The Court held that the petitioner had established a prima facie arbitral claim. MOU-I recorded that the Paschim Vihar project had fallen to the petitioner’s share, MOU-II recognised him as the person entitled to represent and realise Realtech’s interest in the project, and the earlier arbitral award contained observations supporting his claim.

The Court observed that the respondents’ objections involved disputed issues, including whether the petitioner acquired RIL’s interest, whether MOU-II survived, whether the Divestment Agreement was valid, whether claims were time-barred, and whether respondent no. 3 was bound by the arbitration agreement. These issues required evidence and could not be finally decided in Section 9 proceedings.

The Court also noted that disputes concerning the project were pending before multiple fora, including enforcement proceedings, NCLAT proceedings, writ petitions and contempt proceedings. This showed that disputes over title, management and alienation of the project continued to subsist.

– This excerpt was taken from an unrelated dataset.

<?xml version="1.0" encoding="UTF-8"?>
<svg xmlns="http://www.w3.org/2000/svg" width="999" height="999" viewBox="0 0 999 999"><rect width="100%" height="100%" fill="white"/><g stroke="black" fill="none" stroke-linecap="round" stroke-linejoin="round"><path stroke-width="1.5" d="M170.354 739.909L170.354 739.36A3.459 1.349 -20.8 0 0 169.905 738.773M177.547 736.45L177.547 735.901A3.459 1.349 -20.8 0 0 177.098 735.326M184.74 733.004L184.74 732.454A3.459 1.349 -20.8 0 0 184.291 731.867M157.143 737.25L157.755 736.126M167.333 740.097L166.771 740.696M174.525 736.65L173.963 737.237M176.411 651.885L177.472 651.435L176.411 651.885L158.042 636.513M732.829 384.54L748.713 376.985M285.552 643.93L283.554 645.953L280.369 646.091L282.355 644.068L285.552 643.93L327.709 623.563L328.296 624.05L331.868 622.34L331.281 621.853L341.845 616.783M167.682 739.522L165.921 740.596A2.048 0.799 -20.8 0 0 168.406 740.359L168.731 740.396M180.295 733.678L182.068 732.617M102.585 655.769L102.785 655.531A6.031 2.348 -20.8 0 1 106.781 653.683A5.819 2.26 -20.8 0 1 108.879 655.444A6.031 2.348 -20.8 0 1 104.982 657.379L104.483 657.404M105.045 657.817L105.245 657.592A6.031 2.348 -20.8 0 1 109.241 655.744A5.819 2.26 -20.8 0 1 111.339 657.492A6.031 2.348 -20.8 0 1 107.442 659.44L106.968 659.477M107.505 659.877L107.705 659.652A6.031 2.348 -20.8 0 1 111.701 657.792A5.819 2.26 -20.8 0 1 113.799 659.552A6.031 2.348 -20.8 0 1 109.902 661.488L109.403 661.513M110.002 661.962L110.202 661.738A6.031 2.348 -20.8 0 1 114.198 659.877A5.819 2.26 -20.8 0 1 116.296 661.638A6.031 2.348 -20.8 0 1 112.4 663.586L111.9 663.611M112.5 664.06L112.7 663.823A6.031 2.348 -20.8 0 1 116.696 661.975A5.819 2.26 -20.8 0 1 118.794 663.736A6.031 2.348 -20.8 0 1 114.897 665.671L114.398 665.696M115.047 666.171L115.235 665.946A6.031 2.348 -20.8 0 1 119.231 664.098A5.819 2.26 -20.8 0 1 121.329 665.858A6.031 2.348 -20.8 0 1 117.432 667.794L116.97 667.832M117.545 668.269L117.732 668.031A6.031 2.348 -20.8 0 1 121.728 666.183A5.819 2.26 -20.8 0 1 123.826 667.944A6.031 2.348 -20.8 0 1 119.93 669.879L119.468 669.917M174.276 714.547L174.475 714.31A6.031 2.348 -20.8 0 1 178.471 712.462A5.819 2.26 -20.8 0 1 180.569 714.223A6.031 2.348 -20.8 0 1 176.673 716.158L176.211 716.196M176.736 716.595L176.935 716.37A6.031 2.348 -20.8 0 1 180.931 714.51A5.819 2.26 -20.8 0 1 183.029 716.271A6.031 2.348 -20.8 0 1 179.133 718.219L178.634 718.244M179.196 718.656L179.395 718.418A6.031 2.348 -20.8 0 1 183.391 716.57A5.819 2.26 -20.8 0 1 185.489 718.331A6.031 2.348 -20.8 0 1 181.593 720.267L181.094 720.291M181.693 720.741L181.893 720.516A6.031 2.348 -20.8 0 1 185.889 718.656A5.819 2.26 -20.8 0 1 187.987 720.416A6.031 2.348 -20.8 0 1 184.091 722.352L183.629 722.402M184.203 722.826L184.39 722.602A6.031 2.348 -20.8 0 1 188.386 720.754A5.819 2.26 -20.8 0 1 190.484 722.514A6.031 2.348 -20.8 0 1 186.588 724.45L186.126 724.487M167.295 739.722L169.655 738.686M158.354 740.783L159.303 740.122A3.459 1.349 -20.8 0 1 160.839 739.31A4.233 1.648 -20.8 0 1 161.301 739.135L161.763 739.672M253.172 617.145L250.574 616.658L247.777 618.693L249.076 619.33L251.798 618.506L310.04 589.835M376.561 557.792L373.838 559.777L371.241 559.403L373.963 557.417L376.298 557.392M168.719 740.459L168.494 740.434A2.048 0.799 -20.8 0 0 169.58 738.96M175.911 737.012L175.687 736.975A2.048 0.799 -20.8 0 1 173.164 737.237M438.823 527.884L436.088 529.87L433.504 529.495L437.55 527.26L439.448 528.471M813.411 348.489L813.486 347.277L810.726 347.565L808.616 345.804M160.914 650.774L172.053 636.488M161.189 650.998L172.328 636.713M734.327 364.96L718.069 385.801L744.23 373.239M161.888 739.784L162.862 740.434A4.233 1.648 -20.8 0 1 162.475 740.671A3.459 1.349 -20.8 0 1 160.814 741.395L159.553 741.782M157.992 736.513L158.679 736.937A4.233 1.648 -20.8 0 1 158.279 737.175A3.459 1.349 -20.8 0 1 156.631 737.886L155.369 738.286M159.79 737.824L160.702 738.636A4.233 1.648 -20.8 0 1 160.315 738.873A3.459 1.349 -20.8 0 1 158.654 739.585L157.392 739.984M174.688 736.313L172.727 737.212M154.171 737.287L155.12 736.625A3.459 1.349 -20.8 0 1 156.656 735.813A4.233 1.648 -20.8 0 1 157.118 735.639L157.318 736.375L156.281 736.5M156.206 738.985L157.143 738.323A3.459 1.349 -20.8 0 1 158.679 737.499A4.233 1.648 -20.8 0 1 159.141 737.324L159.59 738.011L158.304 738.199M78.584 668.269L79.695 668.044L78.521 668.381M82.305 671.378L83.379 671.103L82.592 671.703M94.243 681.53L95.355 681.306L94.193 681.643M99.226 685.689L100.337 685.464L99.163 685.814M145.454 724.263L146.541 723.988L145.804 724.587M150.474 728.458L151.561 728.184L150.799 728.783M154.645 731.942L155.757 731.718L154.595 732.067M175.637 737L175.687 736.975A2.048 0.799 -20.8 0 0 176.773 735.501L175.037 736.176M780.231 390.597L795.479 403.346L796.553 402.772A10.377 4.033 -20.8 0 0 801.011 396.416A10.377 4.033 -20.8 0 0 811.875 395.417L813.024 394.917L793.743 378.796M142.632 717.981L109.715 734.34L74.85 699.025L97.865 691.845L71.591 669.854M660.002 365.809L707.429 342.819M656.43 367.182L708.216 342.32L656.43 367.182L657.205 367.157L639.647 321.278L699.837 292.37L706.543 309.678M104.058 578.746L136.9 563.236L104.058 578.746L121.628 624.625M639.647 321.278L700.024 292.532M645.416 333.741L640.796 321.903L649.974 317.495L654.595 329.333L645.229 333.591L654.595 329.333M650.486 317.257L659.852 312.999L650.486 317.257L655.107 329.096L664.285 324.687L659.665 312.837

The Court held that if further third-party rights were created during the pendency of arbitration, any eventual award could become difficult to enforce and could lead to multiplicity of proceedings. Therefore, preservation of the remaining disputed subject matter was necessary.

Conclusion

The Delhi High Court allowed interim protection in favour of the petitioner. It held that the petitioner had established a prima facie case, the balance of convenience lay in his favour, and further creation of third-party rights would cause irreparable prejudice.

The Court restrained the respondents, their directors, officers, agents, assigns and all persons claiming through them from creating any third-party rights in respect of 50% of the total saleable area of Capitol City Mall/Emaya Mall at Plot Nos. BG-1 and BG-2, Paschim Vihar, New Delhi. The Court clarified that all observations were prima facie and that the Arbitral Tribunal would decide all issues independently.

Case: Rajeev Behl v. Bhupesh Kumar Dhingra & Ors.
Court: Delhi High Court
Case Number: O.M.P.(I) (COMM.) 129/2026 & I.A. 8254/2026
Judge: Justice Mini Pushkarna
Date: 3 July 2026
Result: Section 9 petition disposed of; respondents restrained from creating third-party rights in 50% of the total saleable area of the Emaya Mall project.